### WORK TASK
From the first line to the last, output the records exactly and drop any images.

***** DATA SHOWN *****

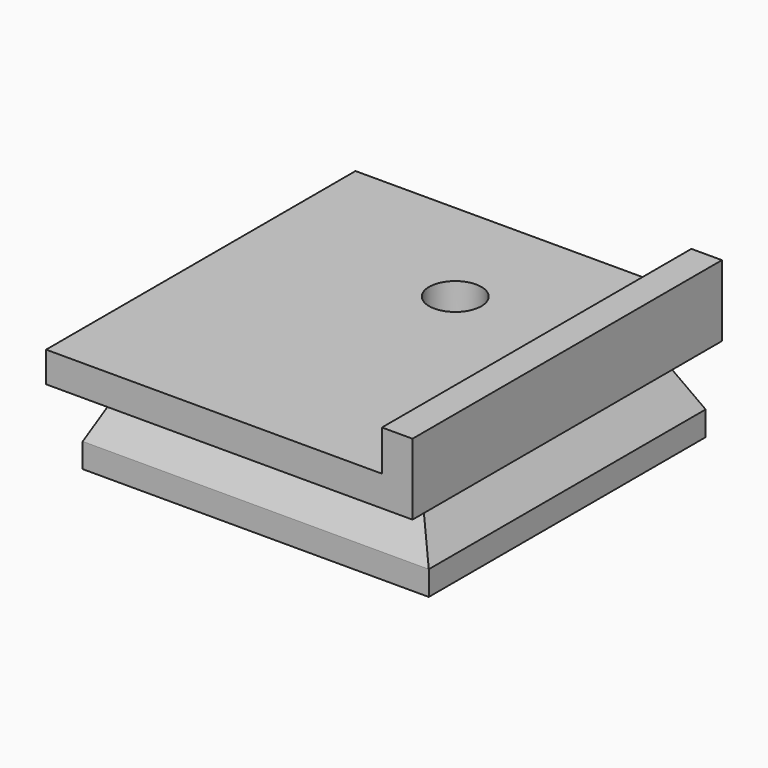
from build123d import *

# Parameters (mm, degrees)
F0_W      = 43.18
F0_H      = 43.18
F3_DEPTH  = 3.048
F3_FACE_W = 43.18
F3_FACE_H = 43.18
F2_W      = 36.83
F2_H      = 36.83
F5_R      = 7.62
F6_DEPTH  = 3.81
F7_R      = 3.2639
F8_DEPTH  = 25.4
F9_W      = 36.83
F9_H      = 36.83
F9_W_2    = 43.18
F9_H_2    = 2.54
F9_R      = 3.2639
F10_DEPTH = 3.81
F11_W     = 3.81
F11_H     = 48.26
F12_DEPTH = 5.08


# Not quite as in the source:
# - a feature names something its author has since deleted; it is built from what else it names


with BuildPart() as f3:
    # F0 (on Top) → F3 (new body)
    with BuildSketch(Plane.XY):
        Rectangle(F0_W, F0_H)
    extrude(amount=-F3_DEPTH)

    # F3_face (on face) → F4 section 0
    with BuildSketch(Plane.XY):
        Rectangle(F3_FACE_W, F3_FACE_H)
    # F2 (on offset) → F4 section 1
    with BuildSketch(Plane.XY.offset(6.477)):
        with Locations((-0.127, -0.127)):
            Rectangle(F2_W, F2_H)
    loft()

    # F5 (on face) → F6 (cut)
    with BuildSketch(Plane(origin=(0, 0, -3.048), x_dir=(1, 0, 0), z_dir=(0, 0, -1))):
        with Locations((0, -9.525)):
            Circle(F5_R)
    extrude(amount=-F6_DEPTH, mode=Mode.SUBTRACT)

    # F7 (on face) → F8 (cut)
    with BuildSketch(Plane(origin=(0, 0, 0.762), x_dir=(1, 0, 0), z_dir=(0, 0, -1))):
        with Locations((0, -9.525)):
            Circle(F7_R)
    extrude(amount=-F8_DEPTH, mode=Mode.SUBTRACT)

    # F9 (on face) → F10 (join)
    with BuildSketch(Plane.XY.offset(6.477)):
        Polygon((-21.59, 24.13), (-21.59, 21.59), (-21.59, -21.59), (21.59, -21.59), (21.59, 21.59), (21.59, 24.13), align=None)
        with Locations((-0.127, -0.127)):
            Rectangle(F9_W, F9_H, mode=Mode.SUBTRACT)
        Polygon((-21.59, -21.59), (-21.59, 21.59), (-21.59, 24.13), (-24.13, 24.13), (-24.13, -24.13), (-21.59, -24.13), align=None)
        with Locations((0, -22.86)):
            Rectangle(F9_W_2, F9_H_2)
        with Locations((-0.127, -0.127)):
            Rectangle(F9_W, F9_H)
        with Locations((0, 9.525)):
            Circle(F9_R, mode=Mode.SUBTRACT)
    extrude(amount=F10_DEPTH)

    # F11 (on face) → F12 (join)
    with BuildSketch(Plane.XY.offset(10.287)):
        with Locations((19.685, 0)):
            Rectangle(F11_W, F11_H)
    extrude(amount=F12_DEPTH)


solid = f3.part

*****

### ANSWER FOR THE TASK
from build123d import *

# Parameters (mm, degrees)
F0_W      = 43.18
F0_H      = 43.18
F3_DEPTH  = 3.048
F3_FACE_W = 43.18
F3_FACE_H = 43.18
F2_W      = 36.83
F2_H      = 36.83
F5_R      = 7.62
F6_DEPTH  = 3.81
F7_R      = 3.2639
F8_DEPTH  = 25.4
F9_W      = 36.83
F9_H      = 36.83
F9_W_2    = 43.18
F9_H_2    = 2.54
F9_R      = 3.2639
F10_DEPTH = 3.81
F11_W     = 3.81
F11_H     = 48.26
F12_DEPTH = 5.08


# Not quite as in the source:
# - a feature names something its author has since deleted; it is built from what else it names


with BuildPart() as f3:
    # F0 (on Top) → F3 (new body)
    with BuildSketch(Plane.XY):
        Rectangle(F0_W, F0_H)
    extrude(amount=-F3_DEPTH)

    # F3_face (on face) → F4 section 0
    with BuildSketch(Plane.XY):
        Rectangle(F3_FACE_W, F3_FACE_H)
    # F2 (on offset) → F4 section 1
    with BuildSketch(Plane.XY.offset(6.477)):
        with Locations((-0.127, -0.127)):
            Rectangle(F2_W, F2_H)
    loft()

    # F5 (on face) → F6 (cut)
    with BuildSketch(Plane(origin=(0, 0, -3.048), x_dir=(1, 0, 0), z_dir=(0, 0, -1))):
        with Locations((0, -9.525)):
            Circle(F5_R)
    extrude(amount=-F6_DEPTH, mode=Mode.SUBTRACT)

    # F7 (on face) → F8 (cut)
    with BuildSketch(Plane(origin=(0, 0, 0.762), x_dir=(1, 0, 0), z_dir=(0, 0, -1))):
        with Locations((0, -9.525)):
            Circle(F7_R)
    extrude(amount=-F8_DEPTH, mode=Mode.SUBTRACT)

    # F9 (on face) → F10 (join)
    with BuildSketch(Plane.XY.offset(6.477)):
        Polygon((-21.59, 24.13), (-21.59, 21.59), (-21.59, -21.59), (21.59, -21.59), (21.59, 21.59), (21.59, 24.13), align=None)
        with Locations((-0.127, -0.127)):
            Rectangle(F9_W, F9_H, mode=Mode.SUBTRACT)
        Polygon((-21.59, -21.59), (-21.59, 21.59), (-21.59, 24.13), (-24.13, 24.13), (-24.13, -24.13), (-21.59, -24.13), align=None)
        with Locations((0, -22.86)):
            Rectangle(F9_W_2, F9_H_2)
        with Locations((-0.127, -0.127)):
            Rectangle(F9_W, F9_H)
        with Locations((0, 9.525)):
            Circle(F9_R, mode=Mode.SUBTRACT)
    extrude(amount=F10_DEPTH)

    # F11 (on face) → F12 (join)
    with BuildSketch(Plane.XY.offset(10.287)):
        with Locations((19.685, 0)):
            Rectangle(F11_W, F11_H)
    extrude(amount=F12_DEPTH)


solid = f3.part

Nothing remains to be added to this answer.